Who Moved My Cheese? for Teens by Spencer Johnson
One thing is guaranteed in this world – change. Don’t assume that teens are comfortable with adjustments and transitions.
Just like us, they’re constantly faced with change, so the sooner they learn how to deal with it, and figure out how to embrace it, the better. They need to know how to continuously move forward, no matter what obstacles land in their path.
Spencer Johnson adapted his bestseller by adding in references that are more relevant to teens.
You Have a Brain: A Teen’s Guide to T.H.I.N.K. B.I.G. by Ben Carson M.D., Gregg Lewis, & Deborah Shaw Lewis
Our teens are growing up in a society where the bar continues to be set lower and lower, which saddens me. It’s up to us to encourage our kids to think BIG!
Mr. Carson suggests that teens think for themselves, do what’s right, and embrace every chance they have to learn and grow.
Teens will appreciate the real-life examples inside showing how this philosophy works as well as practical advice that will help them rise above societal stereotypes.
These books that focus on personal growth are wonderful tools that older kids can use to help them build their best life. Hopefully, you’ve found a title or two that will positively impact your teen.
Additional Books for Middle School
If your older kids are excited about reading these personal growth books, encourage them to check out these business titles that are awesome for teens, inspiring biography books, fascinating historical fiction stories, and epic fantasy novels.
Encourage Your Teen to Read by Using Technology
Do you love the idea of expanding your child’s reading list, but getting her to sit down with a book ends up being a hassle? Consider switching over to audiobooks. They’re a lifesaver for some families, including those who love “reading” together. Kids can listen on their devices or you can play books in the car as you travel together.
If your tween isn’t using a Kindle, it might be time to consider it, especially if your older kids are big readers. You can find some free books online and tweens can borrow books from the public library onto their device.
Whatever format you choose, keep encouraging your teen to read a wide variety of genres, including books like the ones shared above.
I have not seen any of these before! I was looking for something like them for my newly-turned 13yo for Christmas. I had to settle for something else then, but I’ll pin this to use for the next occasion. Good stuff! 🙂
Sorry we missed your shopping window Ann! I’m so glad I was able to share some new titles with you. I hope your teen likes them as much as mine does!
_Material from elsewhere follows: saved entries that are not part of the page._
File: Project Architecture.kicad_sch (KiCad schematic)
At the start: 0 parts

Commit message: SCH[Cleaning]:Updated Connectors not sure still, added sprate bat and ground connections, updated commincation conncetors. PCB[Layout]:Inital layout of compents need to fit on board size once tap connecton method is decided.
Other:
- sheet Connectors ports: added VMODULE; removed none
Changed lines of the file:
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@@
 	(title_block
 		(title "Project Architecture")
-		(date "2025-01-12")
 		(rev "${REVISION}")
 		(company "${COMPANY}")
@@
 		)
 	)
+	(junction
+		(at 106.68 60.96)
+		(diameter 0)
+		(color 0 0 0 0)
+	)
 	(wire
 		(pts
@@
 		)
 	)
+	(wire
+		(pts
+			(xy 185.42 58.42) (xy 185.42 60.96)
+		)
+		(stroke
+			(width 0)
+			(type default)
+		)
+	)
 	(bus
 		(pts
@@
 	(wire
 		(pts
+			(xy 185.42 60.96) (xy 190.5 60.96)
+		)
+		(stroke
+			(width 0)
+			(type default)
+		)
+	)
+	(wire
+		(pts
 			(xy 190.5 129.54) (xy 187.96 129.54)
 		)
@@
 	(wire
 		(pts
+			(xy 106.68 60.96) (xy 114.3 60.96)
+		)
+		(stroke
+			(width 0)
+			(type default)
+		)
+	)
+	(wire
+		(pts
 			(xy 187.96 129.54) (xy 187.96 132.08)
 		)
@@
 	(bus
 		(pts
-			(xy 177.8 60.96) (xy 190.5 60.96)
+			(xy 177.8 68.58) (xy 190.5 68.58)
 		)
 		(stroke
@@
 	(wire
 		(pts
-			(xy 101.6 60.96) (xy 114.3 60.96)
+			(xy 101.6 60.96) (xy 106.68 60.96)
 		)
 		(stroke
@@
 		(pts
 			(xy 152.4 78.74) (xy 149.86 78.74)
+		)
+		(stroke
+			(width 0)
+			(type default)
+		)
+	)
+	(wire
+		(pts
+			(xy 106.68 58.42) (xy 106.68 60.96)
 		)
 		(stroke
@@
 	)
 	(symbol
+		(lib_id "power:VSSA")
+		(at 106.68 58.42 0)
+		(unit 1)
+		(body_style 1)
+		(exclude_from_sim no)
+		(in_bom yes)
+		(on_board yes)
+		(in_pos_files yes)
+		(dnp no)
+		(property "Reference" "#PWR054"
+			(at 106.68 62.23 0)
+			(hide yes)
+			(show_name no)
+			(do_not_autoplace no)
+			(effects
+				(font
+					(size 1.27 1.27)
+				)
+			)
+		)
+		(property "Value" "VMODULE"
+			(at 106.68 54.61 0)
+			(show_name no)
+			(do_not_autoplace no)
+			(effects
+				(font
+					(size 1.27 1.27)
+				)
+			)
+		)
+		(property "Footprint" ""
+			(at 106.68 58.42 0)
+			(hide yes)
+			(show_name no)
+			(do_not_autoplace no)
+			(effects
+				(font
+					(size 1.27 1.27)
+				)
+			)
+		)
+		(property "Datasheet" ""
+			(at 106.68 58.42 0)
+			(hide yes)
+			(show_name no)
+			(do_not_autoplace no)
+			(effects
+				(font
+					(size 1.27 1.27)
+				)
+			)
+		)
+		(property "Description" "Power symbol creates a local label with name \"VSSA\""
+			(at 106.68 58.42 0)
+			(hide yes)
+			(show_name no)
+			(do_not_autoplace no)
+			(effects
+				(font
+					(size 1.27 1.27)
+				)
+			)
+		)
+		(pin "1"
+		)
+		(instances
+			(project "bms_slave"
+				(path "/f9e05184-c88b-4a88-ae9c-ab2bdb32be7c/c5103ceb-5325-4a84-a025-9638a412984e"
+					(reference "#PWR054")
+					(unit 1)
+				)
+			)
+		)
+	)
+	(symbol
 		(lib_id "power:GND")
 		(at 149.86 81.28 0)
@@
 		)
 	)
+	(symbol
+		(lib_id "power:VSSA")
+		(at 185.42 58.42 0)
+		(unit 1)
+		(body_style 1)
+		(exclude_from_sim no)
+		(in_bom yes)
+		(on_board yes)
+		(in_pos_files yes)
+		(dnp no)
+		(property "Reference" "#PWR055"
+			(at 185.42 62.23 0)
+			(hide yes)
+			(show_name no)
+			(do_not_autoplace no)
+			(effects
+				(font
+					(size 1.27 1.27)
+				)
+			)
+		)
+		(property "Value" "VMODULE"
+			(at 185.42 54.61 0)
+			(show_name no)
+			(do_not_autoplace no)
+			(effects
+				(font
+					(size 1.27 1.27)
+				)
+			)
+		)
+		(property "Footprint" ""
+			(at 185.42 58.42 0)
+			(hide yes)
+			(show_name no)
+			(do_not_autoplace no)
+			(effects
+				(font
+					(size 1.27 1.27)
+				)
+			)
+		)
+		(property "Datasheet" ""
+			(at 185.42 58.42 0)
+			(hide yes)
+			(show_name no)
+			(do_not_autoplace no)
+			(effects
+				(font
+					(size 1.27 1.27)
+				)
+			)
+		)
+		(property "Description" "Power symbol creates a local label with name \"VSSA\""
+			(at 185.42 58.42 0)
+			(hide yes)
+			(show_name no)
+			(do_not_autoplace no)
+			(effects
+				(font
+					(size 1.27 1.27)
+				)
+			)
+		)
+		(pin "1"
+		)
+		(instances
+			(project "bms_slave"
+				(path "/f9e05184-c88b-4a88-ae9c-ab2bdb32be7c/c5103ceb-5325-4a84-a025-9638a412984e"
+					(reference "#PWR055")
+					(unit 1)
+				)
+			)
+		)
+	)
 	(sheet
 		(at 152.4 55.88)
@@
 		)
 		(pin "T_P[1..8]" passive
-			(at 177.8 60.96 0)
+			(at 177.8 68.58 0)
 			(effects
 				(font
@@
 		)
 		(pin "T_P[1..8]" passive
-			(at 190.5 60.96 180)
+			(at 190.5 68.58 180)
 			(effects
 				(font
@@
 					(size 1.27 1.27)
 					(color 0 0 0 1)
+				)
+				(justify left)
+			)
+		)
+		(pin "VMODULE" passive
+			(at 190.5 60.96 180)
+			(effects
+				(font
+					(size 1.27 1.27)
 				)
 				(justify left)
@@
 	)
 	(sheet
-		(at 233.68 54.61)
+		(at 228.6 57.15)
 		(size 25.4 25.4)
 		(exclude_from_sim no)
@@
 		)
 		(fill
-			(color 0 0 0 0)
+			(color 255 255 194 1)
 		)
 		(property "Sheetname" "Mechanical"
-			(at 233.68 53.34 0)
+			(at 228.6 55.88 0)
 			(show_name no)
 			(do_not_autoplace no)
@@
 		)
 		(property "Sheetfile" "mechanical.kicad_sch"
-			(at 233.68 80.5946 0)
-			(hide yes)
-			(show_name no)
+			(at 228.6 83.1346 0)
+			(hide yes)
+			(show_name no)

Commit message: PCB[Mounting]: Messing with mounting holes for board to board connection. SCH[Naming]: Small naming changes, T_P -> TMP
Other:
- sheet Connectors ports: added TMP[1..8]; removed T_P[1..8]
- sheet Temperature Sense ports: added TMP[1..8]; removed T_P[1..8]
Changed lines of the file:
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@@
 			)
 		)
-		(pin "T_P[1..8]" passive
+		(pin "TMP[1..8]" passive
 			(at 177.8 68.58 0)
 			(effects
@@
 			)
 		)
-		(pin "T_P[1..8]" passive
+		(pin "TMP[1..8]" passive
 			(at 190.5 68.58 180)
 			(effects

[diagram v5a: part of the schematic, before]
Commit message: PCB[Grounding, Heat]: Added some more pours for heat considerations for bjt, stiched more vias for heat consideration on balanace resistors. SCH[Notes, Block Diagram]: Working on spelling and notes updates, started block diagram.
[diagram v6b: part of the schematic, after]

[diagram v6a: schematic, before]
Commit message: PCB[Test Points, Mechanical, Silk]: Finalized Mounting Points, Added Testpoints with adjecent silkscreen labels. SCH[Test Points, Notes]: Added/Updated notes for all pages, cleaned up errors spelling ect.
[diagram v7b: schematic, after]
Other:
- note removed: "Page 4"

Thanks for this list! I pinned now, for later. I have a teen and a pre-teen, will certainly be checking these out. Awesome job, and thanks for sharing!
You’re welcome Jen! This has been so much fun to put together. I can’t wait for the rest of the months. I’m so glad you’re joining us on our reading adventure.
I’m having trouble signing up for the book club. Every time I input my email address, it says something went wrong! I’m very excited about this. I hope my tween enjoys it!
Hi Jennifer. I think I fixed it. Can you try it again? I’m so glad you’re joining us on our adventure!